Extracted records:
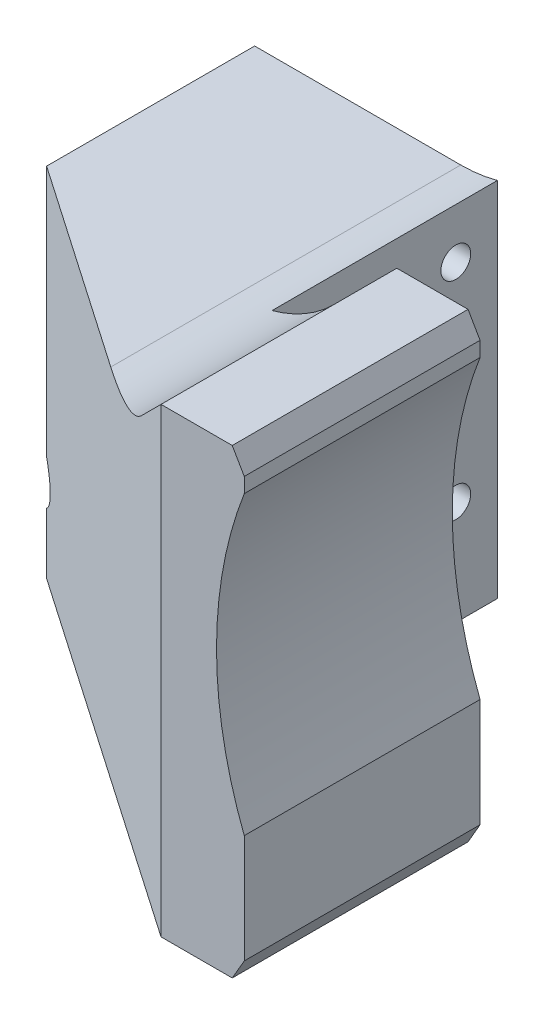
SolidWorks part; units mm, degrees
material "Rubber"
ref_plane "Front Plane" through (0, 0, 0) normal (0, 0, 1) x (1, 0, 0)
ref_plane "Top Plane" through (0, 0, 0) normal (0, 1, 0) x (1, 0, 0)
ref_plane "Right Plane" through (0, 0, 0) normal (1, 0, 0) x (0, 0, -1)
sketch "Sketch1" plane through (0, 0, 0) normal (0, 1, 0) x (1, 0, 0)
  line L0 (0, 0) -> (35, 0)
  line L1 (35, 0) -> (35, -32.5)
  line L2 (35, -32.5) -> (65, -32.5)
  line L3 (65, -32.5) -> (65, -66.5)
  line L4 (65, -66.5) -> (53, -66.5)
  line L5 (53, -66.5) -> (0, -30)
  line L6 (0, -30) -> (0, 0)
  dimension "D1" = 35
  dimension "D2" = 30
  dimension "D3" = 12
  dimension "D4" = 32.5
  dimension "D5" = 34
  dimension "D6" = 30
extrude "Boss-Extrude1" add sketch "Sketch1" along normal blind 51.5
sketch "Sketch3" plane through (35, 0, 0) normal (1, 0, 0) x (0, 0, -1)
  line L2 (-32.5, 0) -> (0, 0) construction
  circle A1 centre (-26.15, 12) radius 5
  dimension "D5" = 10
  dimension "D4" = 12
extrude "Cut-Extrude1" cut sketch "Sketch3" against normal through all
sketch "Sketch4" plane through (0, 0, 0) normal (0, 0, -1) x (-1, 0, 0)
  line L0 (0, 8) -> (-1, 8)
  line L1 (0, 51.5) -> (0, 0) construction
  line L2 (-6, 3) -> (-6, 0)
  line L3 (-35, 0) -> (0, 0) construction
  line L4 (-6, 0) -> (0, 0)
  line L5 (0, 0) -> (0, 8)
  arc A0 (-6, 3) -> (-1, 8) centre (-1, 3) cw
  point P11 (-6, 8)
  dimension "D3" = 5
  dimension "D1" = 8
  dimension "D2" = 6
extrude "Cut-Extrude2" [suppressed] cut sketch "Sketch4" against normal blind 10
sketch "Sketch5" plane through (0, 51.5, 0) normal (0, 1, 0) x (1, 0, 0)
  line L0 (65, -32.5) -> (35, -32.5) construction
  line L1 (65, -66.5) -> (53, -66.5)
  line L2 (65, -66.5) -> (65, -32.5)
  line L3 (65, -32.5) -> (53, -32.5)
  line L4 (53, -66.5) -> (53, -32.5)
extrude "Boss-Extrude2" add sketch "Sketch5" along normal blind 15
chamfer "Chamfer1" distance 15 angle 45 1 edges at (53, 51.5, 49.5)
sketch "Sketch6" plane through (0, 0, 66.5) normal (0, 0, 1) x (1, 0, 0)
  line L0 (65, 66.5) -> (65, 0) construction
  line L1 (53, 0) -> (65, 0) construction
  circle A0 centre (120, 40) radius 59
  dimension "D2" = 118
  dimension "D1" = 55
  dimension "D3" = 40
extrude "Cut-Extrude3" cut sketch "Sketch6" against normal through all
sketch "Sketch7" plane through (0, 0, 0) normal (-1, 0, 0) x (0, 0, 1)
  line L0 (0, 51.5) -> (0, 0) construction
  line L1 (0, 0) -> (30, 0) construction
  circle A0 centre (6, 15) radius 2.15
  circle A1 centre (6, 45) radius 2.15
  dimension "D1" = 4.3
  dimension "D5" = 4.3
  dimension "D2" = 6
  dimension "D3" = 15
  dimension "D4" = 45
extrude "Cut-Extrude4" cut sketch "Sketch7" against normal through all
sketch "Sketch8" plane through (0, 0, 0) normal (-1, 0, 0) x (0, 0, 1)
  line L0 (0, 51.5) -> (0, 0) construction
  circle A0 centre (6, 45) radius 4.5
  circle A1 centre (6, 15) radius 4.5
  dimension "D1" = 9
  dimension "D2" = 9
extrude "Cut-Extrude5" cut sketch "Sketch8" against normal blind 25
fillet "Fillet1" radius 20 1 edges at (38, 51.5, 44.3349)
chamfer "Chamfer3" distance 3 angle 30 2 edges at (65, 0, 49.5) (65, 66.5, 49.5) first distance on face at (65, 9.3229, 49.5) first distance on face at (65, 63.9271, 49.5)

[Exercise directions] The reply should hold the lines from the top of the records through the line containing "line L0 (0, 0) -> (35, 0)", reproduced exactly, and no pictures.

[Answer]
SolidWorks part; units mm, degrees
material "Rubber"
ref_plane "Front Plane" through (0, 0, 0) normal (0, 0, 1) x (1, 0, 0)
ref_plane "Top Plane" through (0, 0, 0) normal (0, 1, 0) x (1, 0, 0)
ref_plane "Right Plane" through (0, 0, 0) normal (1, 0, 0) x (0, 0, -1)
sketch "Sketch1" plane through (0, 0, 0) normal (0, 1, 0) x (1, 0, 0)
  line L0 (0, 0) -> (35, 0)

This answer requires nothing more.